Background – why is transformative change necessary to protect global common?

Industrie International assessments – especially the global report of the Intergovernmental Platform on Biodiversity and Ecosystem Services (IPBES) – come to the conclusion that the decade until 2030 will be decisive as to whether it will be possible to significantly slow down both man-made climate change, as well as the huge losses of biodiversity on a global scale and to achieve a reversal towards a future within safe planetary boundaries.

Essential for succeeding in this endeavour, according to the global IPBES assessment, is a transformative change toward a sustainable use of natural resources based on social criteria as a fundamental part of a sustainable economy.

The concrete implications of these claims for the regulation of protection and use of the so-called global commons has not yet been sufficiently framed. Although almost all assessments promote radical, in other words transformative change, there is no consensus on how this can be achieved or fostered and what should be done differently than at previous attempts to promote the change called for. As global commons can only be successfully protected in a global context, the restructuring of development cooperation in the field of biodiversity and ecosystems conservation and restoration is especially crucial. Also in this respect concrete implications of the conclusions of the assessments are barely to be found.

This project wants to close this gap.

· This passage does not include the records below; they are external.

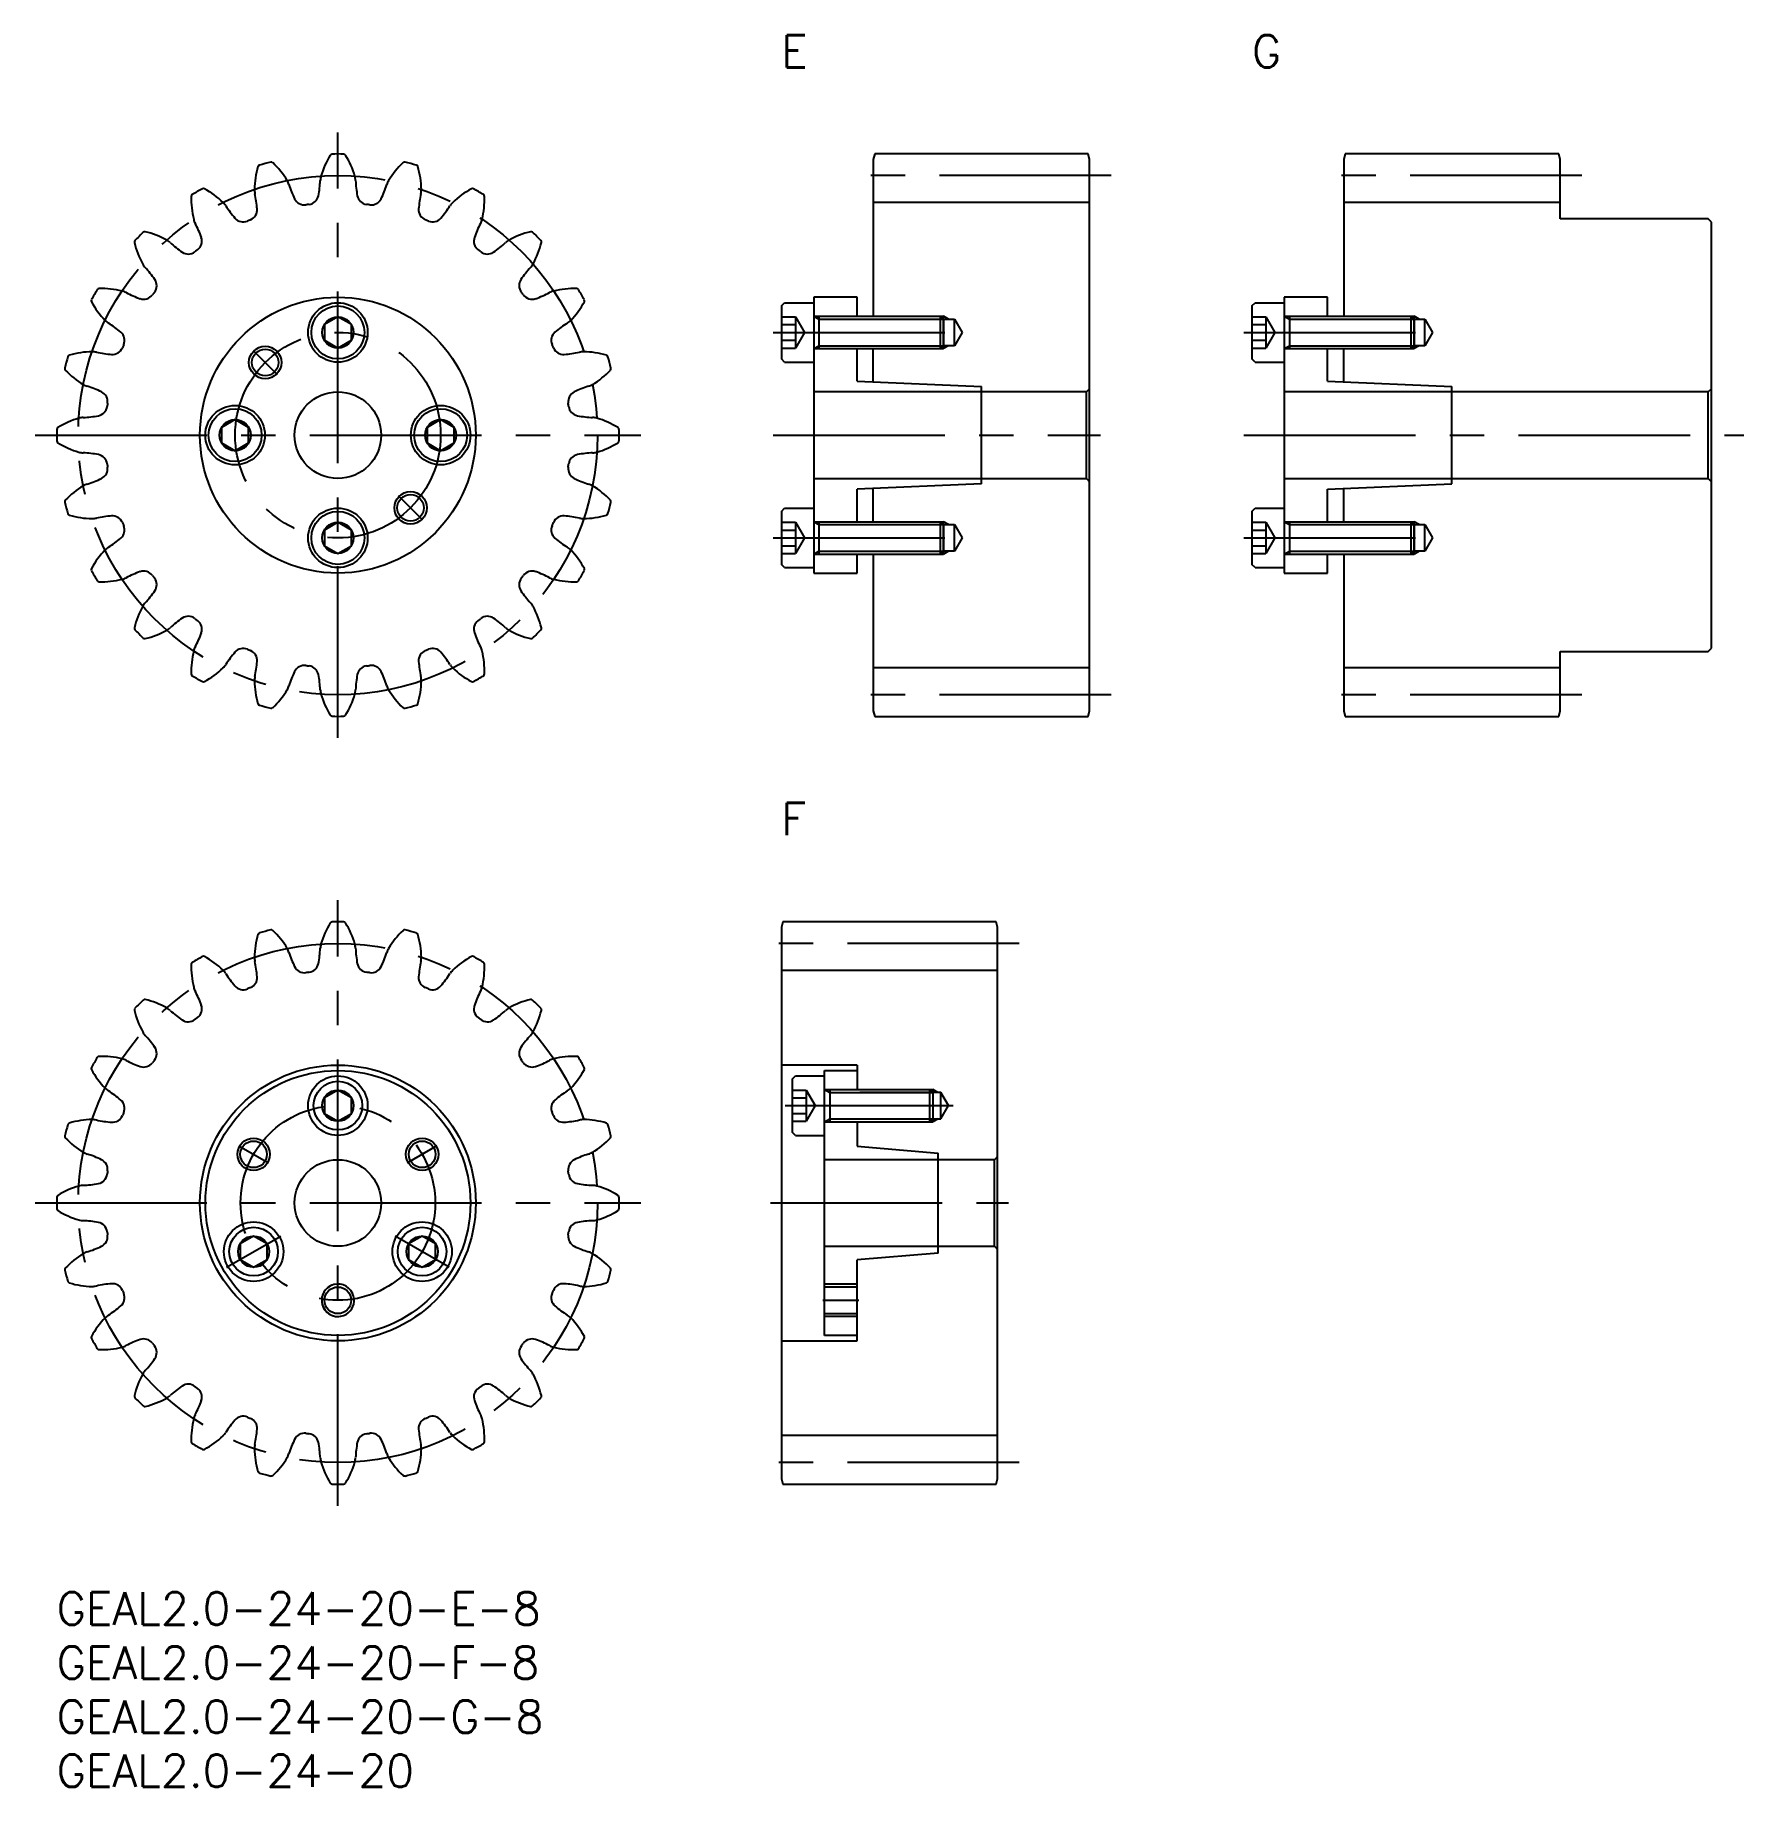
# Model space of a CAD drawing. Extents: x -2 to 156, y -18 to 144.
import ezdxf

# ---------------------------------------------------------------- set-up
doc = ezdxf.new("R2010")
doc.units = 0
doc.header["$LTSCALE"] = 0.5
doc.linetypes.add('CENTER', pattern=[50.8, 31.75, -6.35, 6.35, -6.35])
for name, color, linetype in [('AM_0', 7, 'CONTINUOUS'), ('MSM_CENTER', 1, 'CENTER'), ('MSM_CONTINUOUS', 7, 'CONTINUOUS'), ('MSM_NARROW', 5, 'CONTINUOUS'), ('MSM_PART_NUMBER', 7, 'CONTINUOUS')]:
    doc.layers.add(name, color=color, linetype=linetype)
doc.styles.get("Standard").update_dxf_attribs({"font": 'txt.shx', "height": 1, "bigfont": 'bigfont.shx'})

# ---------------------------------------------------------------- blocks, each defined once
blk = doc.blocks.new('*U3')
at = {"layer": 'MSM_PART_NUMBER'}
blk.add_text('GEAL2.0-24-20-F-8', height=3, dxfattribs=at).set_placement((0, -8))
blk = doc.blocks.new('*U4')
at = {"layer": 'MSM_PART_NUMBER'}
blk.add_text('GEAL2.0-24-20-E-8', height=3, dxfattribs=at).set_placement((0, -3))
blk = doc.blocks.new('*U5')
at = {"layer": 'MSM_PART_NUMBER'}
blk.add_text('GEAL2.0-24-20-G-8', height=3, dxfattribs=at).set_placement((0, -13))
blk = doc.blocks.new('*U6')
at = {"layer": 'MSM_PART_NUMBER'}
blk.add_text('F', height=3, dxfattribs=at).set_placement((67, 70))
blk = doc.blocks.new('*U7')
at = {"layer": 'MSM_PART_NUMBER'}
blk.add_text('GEAL2.0-24-20', height=3, dxfattribs=at).set_placement((0, -18))
blk = doc.blocks.new('*U8')
at = {"layer": 'MSM_PART_NUMBER'}
blk.add_text('E', height=3, dxfattribs=at).set_placement((67, 141))
blk = doc.blocks.new('*U9')
at = {"layer": 'MSM_PART_NUMBER'}
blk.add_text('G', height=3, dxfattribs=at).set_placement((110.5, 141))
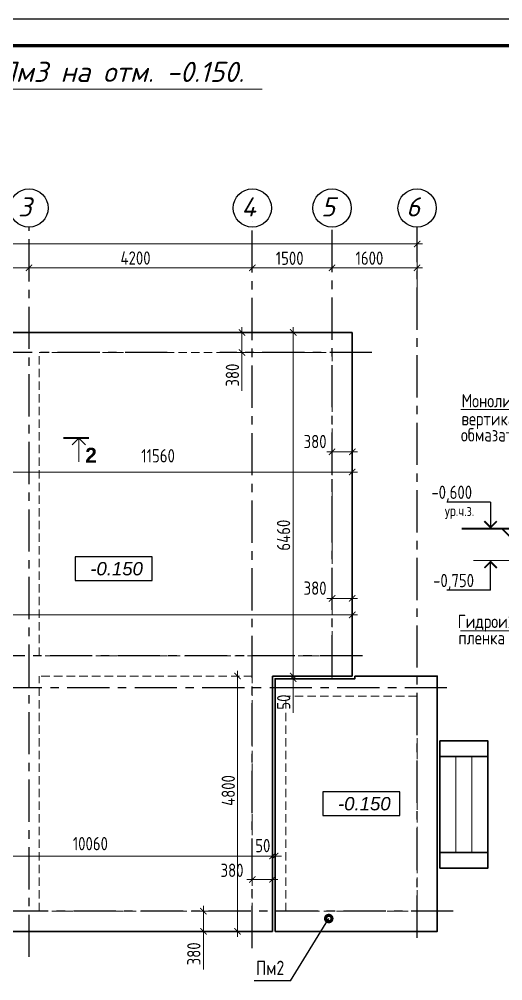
# Model space of a CAD drawing. Extents: x -12289450 to -10763036, y -7834513 to -6150123.
# Drawn here: x -11129377 to -11120280, y -7822890 to -7804813 of the extents above; entities that cross this region are included whole.
import ezdxf

# ---------------------------------------------------------------- set-up
doc = ezdxf.new("R2010")
doc.units = 0
doc.header["$LTSCALE"] = 25
doc.header["$PDMODE"] = 35
doc.linetypes.add('CENTER', pattern=[50.8, 31.75, -6.35, 6.35, -6.35])
doc.linetypes.add('HIDDEN', pattern=[9.525, 6.35, -3.175])
doc.layers.get('DefPoints').update_dxf_attribs({"color": 10, "lineweight": 30})
for name, color, linetype in [('001-ПЕРЕГОРОДКИ', 5, 'Continuous'), ('005-РАЗМЕРЫ', 252, 'Continuous'), ('014-ОСИ', 251, 'CENTER'), ('Annotation - Text', 7, 'Continuous'), ('Текст', 7, 'Continuous')]:
    doc.layers.add(name, color=color, linetype=linetype)
for name, color, linetype, lineweight in [('Ростверк', 5, 'Continuous', 35), ('СТЕНЫ', 5, 'Continuous', 40), ('Текст AMS', 7, 'Continuous', 9), ('ФУНДАМЕНТ', 5, 'Continuous', 30)]:
    doc.layers.add(name, color=color, linetype=linetype, lineweight=lineweight)
doc.styles.add('gismo', font='isocpeui.ttf')
doc.styles.add('GOST 2.304', font='cs_gost2304.shx')
doc.styles.add('Isocpeur', font='isocpeui.ttf')
doc.styles.get("Standard").update_dxf_attribs({"font": 'arial.ttf'})
doc.styles.add('СГЕНЕРИР_СТИЛЬ_1', font='arialbd.ttf')
doc.styles.add('Текстер', font='ariali.ttf')
doc.dimstyles.new('1', dxfattribs={"dimscale": 100, "dimtxt": 2.5, "dimasz": 1.2, "dimexe": 1, "dimexo": 1, "dimgap": 0.5, "dimtad": 1, "dimdec": 0, "dimzin": 0, "dimdsep": 46, "dimtxsty": 'GOST 2.304', "dimblk": 'ARCHTICK', "dimcen": 0.09, "dimdle": 1, "dimclrd": 256, "dimclre": 256, "dimclrt": 7, "dimadec": 0, "dimazin": 0, "dimtfac": 1, "dimtdec": 0, "dimtmove": 0, "dimatfit": 3, "dimldrblk": 'ARCHTICK', "dimfxl": 0, "dimtolj": 1, "dimtzin": 0, "dimlwd": 5, "dimlwe": 5, "dimarcsym": 0})

# ---------------------------------------------------------------- blocks, each defined once
blk = doc.blocks.new('_ArchTick')
at = {"color": 0, "linetype": 'ByBlock', "const_width": 0.15}
blk.add_lwpolyline([(-0.5, -0.5), (0.5, 0.5)], dxfattribs=at)
blk = doc.blocks.new('*D1415')
at = {"layer": '005-РАЗМЕРЫ', "lineweight": 5, "transparency": 16777216}
for p, q in [((-11134392, -7809488), (-11129092, -7809488)), ((-11134292, -7809557), (-11134292, -7809388)), ((-11129192, -7809557), (-11129192, -7809388))]:
    blk.add_line(p, q, dxfattribs=at)
at = {"layer": 'DefPoints', "color": 0, "transparency": 16777216}
for p in [(-11129192, -7809488), (-11134292, -7809657), (-11129192, -7809657)]:
    blk.add_point(p, dxfattribs=at)
at = {"layer": '005-РАЗМЕРЫ', "lineweight": 5, "transparency": 16777216, "xscale": 120, "yscale": 120, "zscale": 120, "rotation": 180}
blk.add_blockref('_ArchTick', (-11134292, -7809488), dxfattribs=at)
at = {"layer": '005-РАЗМЕРЫ', "lineweight": 5, "transparency": 16777216, "xscale": 120, "yscale": 120, "zscale": 120}
blk.add_blockref('_ArchTick', (-11129192, -7809488), dxfattribs=at)
at = {"layer": '005-РАЗМЕРЫ', "color": 7, "transparency": 16777216, "insert": (-11132898, -7809307), "char_height": 250, "attachment_point": 5, "style": 'GOST 2.304'}
blk.add_mtext('\\A1;5100', dxfattribs=at)
blk = doc.blocks.new('*D1416')
at = {"layer": '005-РАЗМЕРЫ', "lineweight": 5, "transparency": 16777216}
for p, q in [((-11135792, -7809884), (-11135792, -7808938)), ((-11121892, -7810101), (-11121892, -7808938)), ((-11135892, -7809038), (-11121792, -7809038))]:
    blk.add_line(p, q, dxfattribs=at)
at = {"layer": 'DefPoints', "color": 0, "transparency": 16777216}
for p in [(-11121892, -7809038), (-11135792, -7809984), (-11121892, -7810201)]:
    blk.add_point(p, dxfattribs=at)
at = {"layer": '005-РАЗМЕРЫ', "lineweight": 5, "transparency": 16777216, "xscale": 120, "yscale": 120, "zscale": 120, "rotation": 180}
blk.add_blockref('_ArchTick', (-11135792, -7809038), dxfattribs=at)
at = {"layer": '005-РАЗМЕРЫ', "lineweight": 5, "transparency": 16777216, "xscale": 120, "yscale": 120, "zscale": 120}
blk.add_blockref('_ArchTick', (-11121892, -7809038), dxfattribs=at)
at = {"layer": '005-РАЗМЕРЫ', "color": 7, "transparency": 16777216, "insert": (-11131012, -7808856), "char_height": 250, "attachment_point": 5, "style": 'GOST 2.304'}
blk.add_mtext('\\A1;13900', dxfattribs=at)
blk = doc.blocks.new('*D1418')
at = {"layer": '005-РАЗМЕРЫ', "lineweight": 5, "transparency": 16777216}
for p, q in [((-11129292, -7809488), (-11124892, -7809488)), ((-11129192, -7809557), (-11129192, -7809388)), ((-11124992, -7809557), (-11124992, -7809388))]:
    blk.add_line(p, q, dxfattribs=at)
at = {"layer": 'DefPoints', "color": 0, "transparency": 16777216}
for p in [(-11124992, -7809488), (-11129192, -7809657), (-11124992, -7809657)]:
    blk.add_point(p, dxfattribs=at)
at = {"layer": '005-РАЗМЕРЫ', "lineweight": 5, "transparency": 16777216, "xscale": 120, "yscale": 120, "zscale": 120, "rotation": 180}
blk.add_blockref('_ArchTick', (-11129192, -7809488), dxfattribs=at)
at = {"layer": '005-РАЗМЕРЫ', "lineweight": 5, "transparency": 16777216, "xscale": 120, "yscale": 120, "zscale": 120}
blk.add_blockref('_ArchTick', (-11124992, -7809488), dxfattribs=at)
at = {"layer": '005-РАЗМЕРЫ', "color": 7, "transparency": 16777216, "insert": (-11127188, -7809303), "char_height": 250, "attachment_point": 5, "style": 'GOST 2.304'}
blk.add_mtext('\\A1;4200', dxfattribs=at)
blk = doc.blocks.new('*D1419')
at = {"layer": '005-РАЗМЕРЫ', "lineweight": 5, "transparency": 16777216}
for p, q in [((-11125092, -7809488), (-11123392, -7809488)), ((-11124992, -7809557), (-11124992, -7809388)), ((-11123492, -7809557), (-11123492, -7809388))]:
    blk.add_line(p, q, dxfattribs=at)
at = {"layer": 'DefPoints', "color": 0, "transparency": 16777216}
for p in [(-11123492, -7809488), (-11124992, -7809657), (-11123492, -7809657)]:
    blk.add_point(p, dxfattribs=at)
at = {"layer": '005-РАЗМЕРЫ', "lineweight": 5, "transparency": 16777216, "xscale": 120, "yscale": 120, "zscale": 120, "rotation": 180}
blk.add_blockref('_ArchTick', (-11124992, -7809488), dxfattribs=at)
at = {"layer": '005-РАЗМЕРЫ', "lineweight": 5, "transparency": 16777216, "xscale": 120, "yscale": 120, "zscale": 120}
blk.add_blockref('_ArchTick', (-11123492, -7809488), dxfattribs=at)
at = {"layer": '005-РАЗМЕРЫ', "color": 7, "transparency": 16777216, "insert": (-11124289, -7809307), "char_height": 250, "attachment_point": 5, "style": 'GOST 2.304'}
blk.add_mtext('\\A1;1500', dxfattribs=at)
blk = doc.blocks.new('*D1420')
at = {"layer": '005-РАЗМЕРЫ', "lineweight": 5, "transparency": 16777216}
for p, q in [((-11123592, -7809488), (-11121792, -7809488)), ((-11123492, -7809557), (-11123492, -7809388)), ((-11121892, -7809522), (-11121892, -7809388))]:
    blk.add_line(p, q, dxfattribs=at)
at = {"layer": 'DefPoints', "color": 0, "transparency": 16777216}
for p in [(-11121892, -7809488), (-11123492, -7809657), (-11121892, -7809622)]:
    blk.add_point(p, dxfattribs=at)
at = {"layer": '005-РАЗМЕРЫ', "lineweight": 5, "transparency": 16777216, "xscale": 120, "yscale": 120, "zscale": 120, "rotation": 180}
blk.add_blockref('_ArchTick', (-11123492, -7809488), dxfattribs=at)
at = {"layer": '005-РАЗМЕРЫ', "lineweight": 5, "transparency": 16777216, "xscale": 120, "yscale": 120, "zscale": 120}
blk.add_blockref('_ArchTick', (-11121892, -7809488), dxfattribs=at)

To do this, the knowledge and recommendations of international studies are summarised and interpreted, in order to then develop, based on case-study examples from former projects, future-proof approaches. 

One of the challenges is to identify which changes in which social subsystems are successful, in order to foster transformative change for the conservation of biodiversity and functioning ecosystems. Furthermore, it is necessary to analyse how to foster this change interacting with the national and international political framework. This analysis identifies implications and first recommendations for mainstreaming the issue in national policies and emphasising the importance of international treaties on this behalf. Finally, together with development experts (e.g., from the Gesellschaft für internationale Zusammenarbeit (GIZ), the KfW and the ZMT), we derive recommendations for the German and international development cooperation.